Power stability control of wind-PV-battery AC microgrid based on two-parameters fuzzy VSG

Abstract

Virtual synchronous generator (VSG) control addresses the issue of decreasing microgrid standby inertia caused by the rise in wind turbines and photovoltaic (PV) penetration. However, various types of perturbations occur frequently making the traditional constant parameter VSG control unable to meet the system performance requirements, and thus a two-parameters fuzzy VSG control is proposed to ensure that microgrid inertia and damping. Firstly, the device-level control of each generation unit in the microgrid is designed based on the wind-PV-battery alternating current (AC) microgrid architecture. Secondly, fuzzy VSG control uses fuzzy rules written in plain language to represent the relationship between the main VSG factors and the power and frequency.
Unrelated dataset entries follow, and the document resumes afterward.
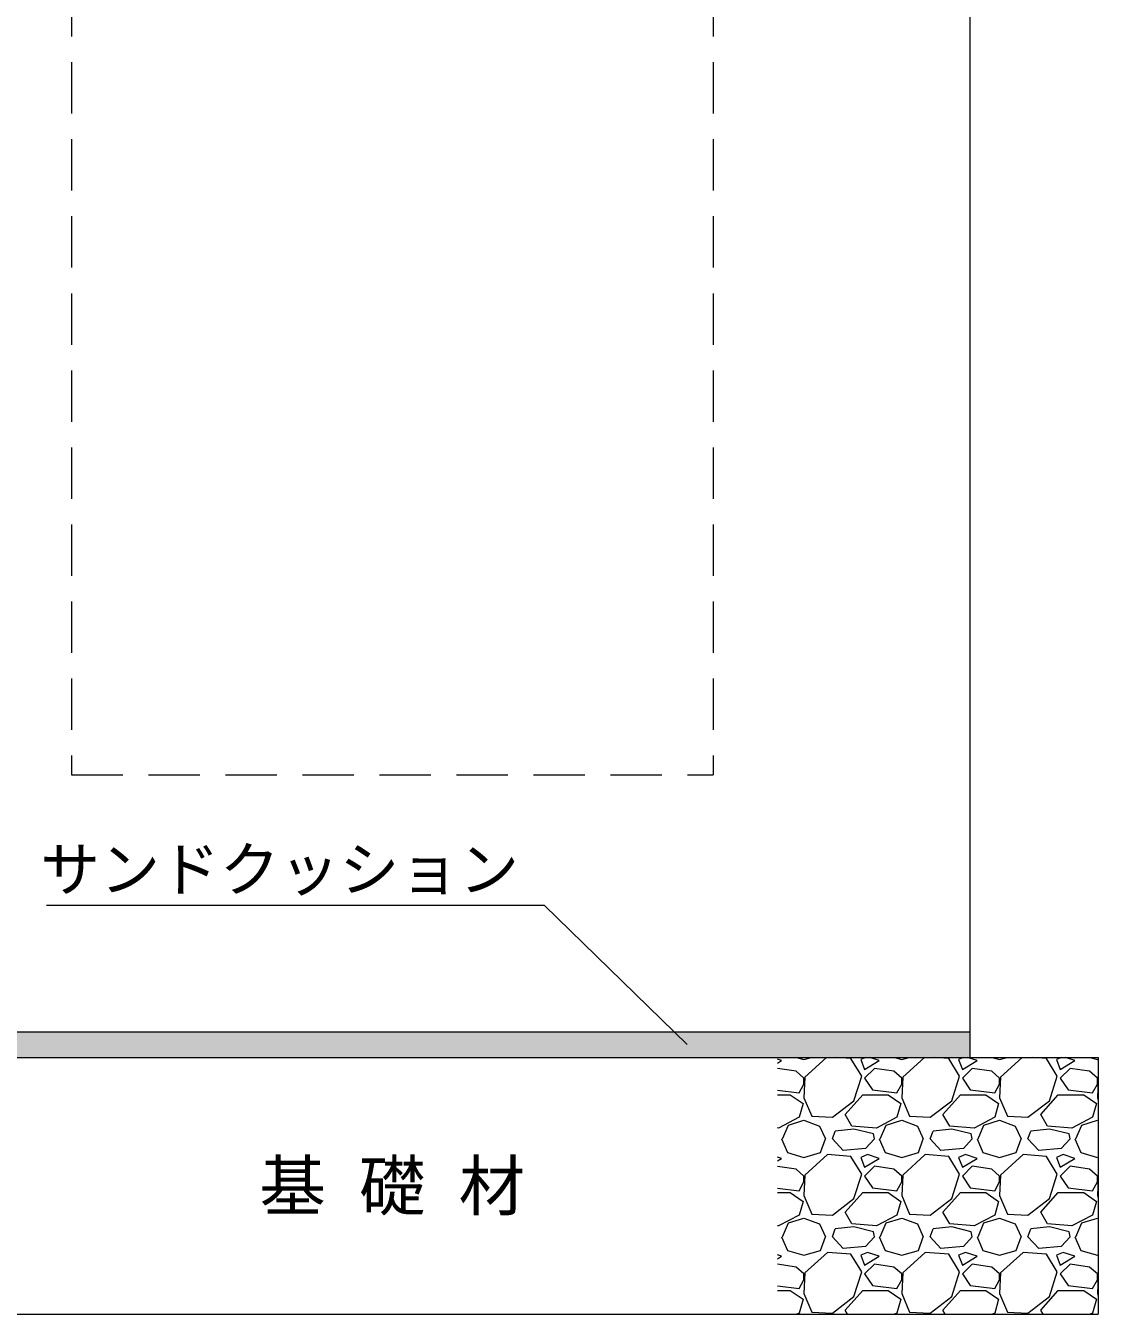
# Model space of a CAD drawing. Units: millimetres at full size; details may follow other scales. Extents: x 77366 to 106166, y -28085 to 6898.
# Drawn here: x 85265 to 86101, y 2743 to 3746 of the extents above; entities that cross this region are included whole.
import ezdxf
from ezdxf.enums import TextEntityAlignment as Align

# ---------------------------------------------------------------- set-up
doc = ezdxf.new("R2010")
doc.units = ezdxf.units.MM
doc.header["$LTSCALE"] = 50
doc.linetypes.add('USER2', pattern=[1.2, 0.8, -0.4])
doc.layers.add('モルタル', color=7, linetype='Continuous')
doc.layers.add('文字', color=7, linetype='Continuous')
for name, color, linetype, lineweight in [('基礎', 7, 'Continuous', 5), ('引出線', 4, 'Continuous', 13), ('本体', 2, 'Continuous', 20)]:
    doc.layers.add(name, color=color, linetype=linetype, lineweight=lineweight)
doc.styles.add('ＭＳ ゴシック', font='')
doc.styles.get('ＭＳ ゴシック').set_extended_font_data('MS Gothic')

# ---------------------------------------------------------------- blocks, each defined once
blk = doc.blocks.new('filled_arrow')
at = {"color": 0, "linetype": 'Continuous', "lineweight": -2}
blk.add_solid([(7.5, 1.25), (0, 0), (7.5, -1.25)], dxfattribs=at)

msp = doc.modelspace()

# ---------------------------------------------------------------- hatches: boundary and pattern name
at = {"layer": 'モルタル'}
msp.add_hatch(color=256, dxfattribs=at).paths.add_polyline_path([(86000.8, 2943.06), (86000.8, 2963.06), (85100.8, 2963.06), (85100.8, 2943.06)])

# ---------------------------------------------------------------- linework, layer by layer
at = {"layer": '基礎', "color": 3, "lineweight": 20}
for p, q in [((85000.8, 2943.06), (86100.8, 2943.06)), ((86100.8, 2943.06), (86100.8, 2743.06)), ((85000.8, 2743.06), (86100.8, 2743.06))]:
    msp.add_line(p, q, dxfattribs=at)
at = {"layer": '基礎'}
for p, q in [((85854.02, 2940.6), (85850.8, 2941.68)), ((85850.8, 2938.66), (85854.02, 2940.6)), ((85865.77, 2943.06), (85871.55, 2941.36)), ((85871.55, 2941.36), (85877.33, 2943.06)), ((85889.2, 2943.06), (85872.31, 2927.65)), ((85908.13, 2942.12), (85896.87, 2943.06)), ((85916.51, 2928.41), (85908.13, 2942.12)), ((85919.71, 2943.06), (85915.75, 2941.36)), ((85915.75, 2941.36), (85918.79, 2933.74)), ((85918.79, 2933.74), (85930.22, 2940.6)), ((85930.22, 2940.6), (85922.84, 2943.06)), ((85941.97, 2943.06), (85947.75, 2941.36)), ((85947.75, 2941.36), (85953.53, 2943.06)), ((85965.4, 2943.06), (85948.51, 2927.65)), ((85984.33, 2942.12), (85973.07, 2943.06)), ((85992.71, 2928.41), (85984.33, 2942.12)), ((85995.91, 2943.06), (85991.95, 2941.36)), ((85991.95, 2941.36), (85994.99, 2933.74)), ((85994.99, 2933.74), (86006.42, 2940.6)), ((86006.42, 2940.6), (85999.04, 2943.06)), ((86018.17, 2943.06), (86023.95, 2941.36)), ((86023.95, 2941.36), (86029.73, 2943.06)), ((86041.6, 2943.06), (86024.71, 2927.65)), ((86060.53, 2942.12), (86049.27, 2943.06)), ((86068.91, 2928.41), (86060.53, 2942.12)), ((86072.11, 2943.06), (86068.15, 2941.36)), ((86068.15, 2941.36), (86071.19, 2933.74)), ((86071.19, 2933.74), (86082.62, 2940.6)), ((86082.62, 2940.6), (86075.24, 2943.06)), ((86094.37, 2943.06), (86100.15, 2941.36)), ((86100.15, 2941.36), (86100.8, 2941.55)), ((85865.45, 2932.22), (85850.8, 2934.42)), ((85871.55, 2926.88), (85865.45, 2932.22)), ((85926.41, 2934.5), (85918.79, 2926.88)), ((85941.65, 2932.22), (85926.41, 2934.5)), ((85947.75, 2926.88), (85941.65, 2932.22)), ((86002.61, 2934.5), (85994.99, 2926.88)), ((86017.85, 2932.22), (86002.61, 2934.5)), ((86023.95, 2926.88), (86017.85, 2932.22)), ((86078.81, 2934.5), (86071.19, 2926.88)), ((86094.05, 2932.22), (86078.81, 2934.5)), ((86100.15, 2926.88), (86094.05, 2932.22)), ((85867.74, 2915.45), (85871.55, 2922.31)), ((85872.31, 2927.65), (85871.55, 2911.64)), ((85871.55, 2922.31), (85871.55, 2926.88)), ((85910.41, 2909.36), (85916.51, 2928.41)), ((85918.79, 2926.88), (85924.89, 2917.74)), ((85943.94, 2915.45), (85947.75, 2922.31)), ((85948.51, 2927.65), (85947.75, 2911.64)), ((85947.75, 2922.31), (85947.75, 2926.88)), ((85986.61, 2909.36), (85992.71, 2928.41)), ((85994.99, 2926.88), (86001.09, 2917.74)), ((86020.14, 2915.45), (86023.95, 2922.31)), ((86024.71, 2927.65), (86023.95, 2911.64)), ((86023.95, 2922.31), (86023.95, 2926.88)), ((86062.81, 2909.36), (86068.91, 2928.41)), ((86071.19, 2926.88), (86077.29, 2917.74)), ((86096.34, 2915.45), (86100.15, 2922.31)), ((86100.15, 2922.31), (86100.15, 2926.88)), ((86100.8, 2925.22), (86100.15, 2911.64)), ((85850.8, 2917.49), (85867.74, 2915.45)), ((85850.8, 2913.93), (85860.88, 2913.93)), ((85860.88, 2913.93), (85870.79, 2907.07)), ((85871.55, 2911.64), (85877.65, 2897.17)), ((85903.55, 2898.69), (85917.27, 2913.93)), ((85917.27, 2913.93), (85937.08, 2913.93)), ((85924.89, 2917.74), (85943.94, 2915.45)), ((85937.08, 2913.93), (85946.99, 2907.07)), ((85947.75, 2911.64), (85953.85, 2897.17)), ((85979.75, 2898.69), (85993.47, 2913.93)), ((85993.47, 2913.93), (86013.28, 2913.93)), ((86001.09, 2917.74), (86020.14, 2915.45)), ((86013.28, 2913.93), (86023.19, 2907.07)), ((86023.95, 2911.64), (86030.05, 2897.17)), ((86055.95, 2898.69), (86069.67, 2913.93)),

Then, the influence of virtual inertia and damping coefficient on the dynamic performance of the system is analyzed through the theory of small-signal model, and a reasonable variation range of VSG parameters are given. Finally, the simulation model of wind-PV-battery AC microgrid is built in MATLAB/Simulink, and compared with other improved VSG control strategies, the fuzzy VSG control proposed in this paper has better dynamic performance and safety stability. This research emphasizes the practicality and importance of utilizing fuzzy control to adjust VSG techniques for developing microgrid configurations incorporating more renewable energy sources to guarantee the reliability and efficiency of microgrid.